WHAT THE EXERCISE ASKS: In the entries below, which lines run from the one containing "#26674 = ORIENTED_EDGE" to the one containing "#28363 = LINE ( 'NONE', #1547, #29904 ) ;"? Copy exactly those lines, ends included, and no others.

Stored items
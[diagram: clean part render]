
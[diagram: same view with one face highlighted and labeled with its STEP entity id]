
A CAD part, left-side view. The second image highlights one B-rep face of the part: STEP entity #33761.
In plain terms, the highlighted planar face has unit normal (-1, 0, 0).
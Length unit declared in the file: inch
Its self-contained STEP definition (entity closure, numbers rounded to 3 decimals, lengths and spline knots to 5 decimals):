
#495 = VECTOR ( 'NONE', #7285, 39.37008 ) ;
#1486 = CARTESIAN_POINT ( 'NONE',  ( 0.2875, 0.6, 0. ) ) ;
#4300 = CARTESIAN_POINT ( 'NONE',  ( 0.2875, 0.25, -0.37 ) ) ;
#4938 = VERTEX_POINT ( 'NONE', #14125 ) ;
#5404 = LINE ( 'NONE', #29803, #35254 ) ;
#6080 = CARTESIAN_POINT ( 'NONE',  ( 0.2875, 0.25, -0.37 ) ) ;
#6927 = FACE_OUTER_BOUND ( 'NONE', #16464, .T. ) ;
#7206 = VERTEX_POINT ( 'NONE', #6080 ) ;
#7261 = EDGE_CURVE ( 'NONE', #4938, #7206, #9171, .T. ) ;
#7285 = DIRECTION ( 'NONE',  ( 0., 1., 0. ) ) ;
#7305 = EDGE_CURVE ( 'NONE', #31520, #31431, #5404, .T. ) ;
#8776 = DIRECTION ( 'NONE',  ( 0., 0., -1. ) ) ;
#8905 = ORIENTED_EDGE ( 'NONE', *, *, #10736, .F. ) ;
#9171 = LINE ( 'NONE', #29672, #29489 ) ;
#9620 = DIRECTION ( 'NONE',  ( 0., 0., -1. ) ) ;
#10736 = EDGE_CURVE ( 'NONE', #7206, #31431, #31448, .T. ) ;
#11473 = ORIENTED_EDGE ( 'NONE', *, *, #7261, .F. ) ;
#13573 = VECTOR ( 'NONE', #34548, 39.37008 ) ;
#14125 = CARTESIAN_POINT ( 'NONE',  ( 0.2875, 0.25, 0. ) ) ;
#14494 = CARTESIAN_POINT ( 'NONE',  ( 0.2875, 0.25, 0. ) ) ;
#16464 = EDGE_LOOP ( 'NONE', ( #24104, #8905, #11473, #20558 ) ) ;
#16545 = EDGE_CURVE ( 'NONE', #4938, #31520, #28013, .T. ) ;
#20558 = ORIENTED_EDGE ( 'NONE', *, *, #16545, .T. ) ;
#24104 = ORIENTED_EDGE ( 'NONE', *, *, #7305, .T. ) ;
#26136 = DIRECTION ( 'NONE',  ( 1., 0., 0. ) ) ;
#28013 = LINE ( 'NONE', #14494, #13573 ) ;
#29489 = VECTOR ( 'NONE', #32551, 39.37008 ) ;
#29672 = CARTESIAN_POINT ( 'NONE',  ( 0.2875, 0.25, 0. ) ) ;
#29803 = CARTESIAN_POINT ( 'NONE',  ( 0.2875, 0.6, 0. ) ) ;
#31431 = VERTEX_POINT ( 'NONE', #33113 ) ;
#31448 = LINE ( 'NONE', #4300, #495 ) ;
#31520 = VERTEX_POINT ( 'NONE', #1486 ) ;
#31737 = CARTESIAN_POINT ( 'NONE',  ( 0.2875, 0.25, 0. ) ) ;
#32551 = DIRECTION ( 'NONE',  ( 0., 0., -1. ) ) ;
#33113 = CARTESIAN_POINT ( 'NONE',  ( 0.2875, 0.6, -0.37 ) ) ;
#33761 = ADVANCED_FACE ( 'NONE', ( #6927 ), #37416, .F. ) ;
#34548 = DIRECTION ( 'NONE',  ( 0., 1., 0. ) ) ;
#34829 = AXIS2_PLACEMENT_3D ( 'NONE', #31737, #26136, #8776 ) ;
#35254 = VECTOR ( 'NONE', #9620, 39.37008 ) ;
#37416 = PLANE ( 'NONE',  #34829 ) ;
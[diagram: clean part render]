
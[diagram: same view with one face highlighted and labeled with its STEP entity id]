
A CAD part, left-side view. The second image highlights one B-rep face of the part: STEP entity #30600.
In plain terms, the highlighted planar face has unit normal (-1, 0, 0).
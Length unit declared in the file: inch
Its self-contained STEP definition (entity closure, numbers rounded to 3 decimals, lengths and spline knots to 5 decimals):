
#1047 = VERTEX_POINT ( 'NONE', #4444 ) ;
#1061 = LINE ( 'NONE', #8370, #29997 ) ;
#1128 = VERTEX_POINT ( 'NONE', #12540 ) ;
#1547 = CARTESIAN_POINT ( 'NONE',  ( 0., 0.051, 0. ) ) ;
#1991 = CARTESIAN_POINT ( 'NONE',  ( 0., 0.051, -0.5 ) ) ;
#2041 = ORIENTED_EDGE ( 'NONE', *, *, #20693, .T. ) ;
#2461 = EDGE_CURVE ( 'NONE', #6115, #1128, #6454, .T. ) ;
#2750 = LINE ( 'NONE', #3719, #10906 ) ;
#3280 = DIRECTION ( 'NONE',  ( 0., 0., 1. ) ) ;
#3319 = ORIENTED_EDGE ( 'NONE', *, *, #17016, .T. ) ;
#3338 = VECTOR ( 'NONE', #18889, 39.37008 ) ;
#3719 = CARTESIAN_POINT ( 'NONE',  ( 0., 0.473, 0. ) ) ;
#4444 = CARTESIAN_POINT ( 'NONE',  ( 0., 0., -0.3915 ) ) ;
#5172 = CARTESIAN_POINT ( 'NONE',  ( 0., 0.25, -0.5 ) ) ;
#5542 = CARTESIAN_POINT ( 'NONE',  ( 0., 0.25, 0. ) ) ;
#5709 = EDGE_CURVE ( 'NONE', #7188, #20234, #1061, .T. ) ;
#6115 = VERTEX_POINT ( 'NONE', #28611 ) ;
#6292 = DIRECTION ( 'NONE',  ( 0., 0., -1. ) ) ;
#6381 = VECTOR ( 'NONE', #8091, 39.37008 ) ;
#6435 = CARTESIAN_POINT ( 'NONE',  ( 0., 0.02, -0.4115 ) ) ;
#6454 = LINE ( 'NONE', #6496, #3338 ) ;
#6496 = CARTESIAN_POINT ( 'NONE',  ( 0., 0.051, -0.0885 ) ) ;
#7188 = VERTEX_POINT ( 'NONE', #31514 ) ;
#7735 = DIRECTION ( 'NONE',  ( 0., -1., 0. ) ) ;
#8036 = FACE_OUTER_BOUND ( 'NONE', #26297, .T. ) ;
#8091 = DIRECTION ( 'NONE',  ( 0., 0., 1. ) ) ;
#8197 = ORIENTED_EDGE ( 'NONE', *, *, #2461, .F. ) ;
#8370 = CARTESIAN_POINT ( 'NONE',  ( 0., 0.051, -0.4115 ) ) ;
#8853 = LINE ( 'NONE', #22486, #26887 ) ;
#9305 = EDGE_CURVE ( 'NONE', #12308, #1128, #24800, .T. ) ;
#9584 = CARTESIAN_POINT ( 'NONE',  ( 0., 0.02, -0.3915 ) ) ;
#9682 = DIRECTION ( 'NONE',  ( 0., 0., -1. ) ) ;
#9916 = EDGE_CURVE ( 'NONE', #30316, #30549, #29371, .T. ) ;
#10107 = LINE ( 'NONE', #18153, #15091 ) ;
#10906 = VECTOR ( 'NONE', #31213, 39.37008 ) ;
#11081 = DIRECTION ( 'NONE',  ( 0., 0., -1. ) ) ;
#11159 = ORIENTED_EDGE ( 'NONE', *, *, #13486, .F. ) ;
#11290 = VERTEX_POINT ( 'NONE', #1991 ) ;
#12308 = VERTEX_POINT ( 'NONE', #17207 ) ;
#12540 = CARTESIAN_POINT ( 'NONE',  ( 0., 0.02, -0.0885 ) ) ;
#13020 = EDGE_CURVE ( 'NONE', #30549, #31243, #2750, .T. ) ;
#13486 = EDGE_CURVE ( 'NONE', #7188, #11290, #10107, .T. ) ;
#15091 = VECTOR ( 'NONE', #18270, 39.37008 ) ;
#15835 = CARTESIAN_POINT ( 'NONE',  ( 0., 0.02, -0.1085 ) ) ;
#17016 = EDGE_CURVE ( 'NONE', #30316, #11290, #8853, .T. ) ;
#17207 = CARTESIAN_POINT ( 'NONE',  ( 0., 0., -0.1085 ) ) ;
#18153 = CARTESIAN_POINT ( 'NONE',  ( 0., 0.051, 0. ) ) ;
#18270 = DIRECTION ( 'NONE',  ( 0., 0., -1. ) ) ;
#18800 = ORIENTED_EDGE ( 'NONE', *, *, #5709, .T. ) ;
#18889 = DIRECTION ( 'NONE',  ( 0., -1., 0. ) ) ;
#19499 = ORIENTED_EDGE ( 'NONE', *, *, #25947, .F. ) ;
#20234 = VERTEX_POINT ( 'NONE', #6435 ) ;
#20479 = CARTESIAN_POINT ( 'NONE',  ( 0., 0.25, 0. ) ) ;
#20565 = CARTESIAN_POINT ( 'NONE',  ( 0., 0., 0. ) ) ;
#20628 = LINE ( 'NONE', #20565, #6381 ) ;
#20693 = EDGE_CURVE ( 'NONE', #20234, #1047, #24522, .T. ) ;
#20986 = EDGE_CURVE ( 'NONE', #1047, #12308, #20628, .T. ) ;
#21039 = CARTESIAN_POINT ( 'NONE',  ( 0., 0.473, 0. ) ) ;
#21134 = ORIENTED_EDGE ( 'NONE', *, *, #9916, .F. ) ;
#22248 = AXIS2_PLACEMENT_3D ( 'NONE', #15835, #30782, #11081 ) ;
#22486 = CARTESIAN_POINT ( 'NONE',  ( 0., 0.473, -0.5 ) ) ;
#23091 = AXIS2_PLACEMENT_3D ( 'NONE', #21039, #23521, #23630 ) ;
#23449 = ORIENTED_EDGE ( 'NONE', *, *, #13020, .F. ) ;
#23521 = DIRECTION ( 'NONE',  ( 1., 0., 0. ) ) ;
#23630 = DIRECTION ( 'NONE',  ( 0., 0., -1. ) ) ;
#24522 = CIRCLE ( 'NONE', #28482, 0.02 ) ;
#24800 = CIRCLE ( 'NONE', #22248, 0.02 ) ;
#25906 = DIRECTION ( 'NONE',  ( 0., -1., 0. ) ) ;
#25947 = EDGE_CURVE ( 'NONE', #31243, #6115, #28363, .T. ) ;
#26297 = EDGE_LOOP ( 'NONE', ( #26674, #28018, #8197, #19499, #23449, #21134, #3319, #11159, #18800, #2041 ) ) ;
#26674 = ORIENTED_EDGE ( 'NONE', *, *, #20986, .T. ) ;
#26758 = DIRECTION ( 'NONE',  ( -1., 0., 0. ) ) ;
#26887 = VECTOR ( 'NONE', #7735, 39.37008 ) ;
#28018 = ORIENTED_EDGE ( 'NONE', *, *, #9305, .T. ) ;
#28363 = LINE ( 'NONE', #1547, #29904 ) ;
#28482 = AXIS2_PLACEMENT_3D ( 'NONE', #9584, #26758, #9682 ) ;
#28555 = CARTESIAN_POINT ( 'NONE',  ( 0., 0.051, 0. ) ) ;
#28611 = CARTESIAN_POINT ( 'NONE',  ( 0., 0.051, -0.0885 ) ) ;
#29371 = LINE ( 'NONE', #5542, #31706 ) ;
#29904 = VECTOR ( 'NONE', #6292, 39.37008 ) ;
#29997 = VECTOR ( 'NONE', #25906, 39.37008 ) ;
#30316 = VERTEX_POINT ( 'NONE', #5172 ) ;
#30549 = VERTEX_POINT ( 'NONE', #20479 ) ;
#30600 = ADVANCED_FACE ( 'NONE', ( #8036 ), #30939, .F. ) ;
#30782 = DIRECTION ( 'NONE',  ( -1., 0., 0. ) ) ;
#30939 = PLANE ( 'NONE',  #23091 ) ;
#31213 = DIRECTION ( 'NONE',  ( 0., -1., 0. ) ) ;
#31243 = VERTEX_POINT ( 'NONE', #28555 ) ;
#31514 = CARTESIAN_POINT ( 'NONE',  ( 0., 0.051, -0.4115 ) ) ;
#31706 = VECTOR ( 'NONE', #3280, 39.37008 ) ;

TASK SOLUTION:
#26674 = ORIENTED_EDGE ( 'NONE', *, *, #20986, .T. ) ;
#26758 = DIRECTION ( 'NONE',  ( -1., 0., 0. ) ) ;
#26887 = VECTOR ( 'NONE', #7735, 39.37008 ) ;
#28018 = ORIENTED_EDGE ( 'NONE', *, *, #9305, .T. ) ;
#28363 = LINE ( 'NONE', #1547, #29904 ) ;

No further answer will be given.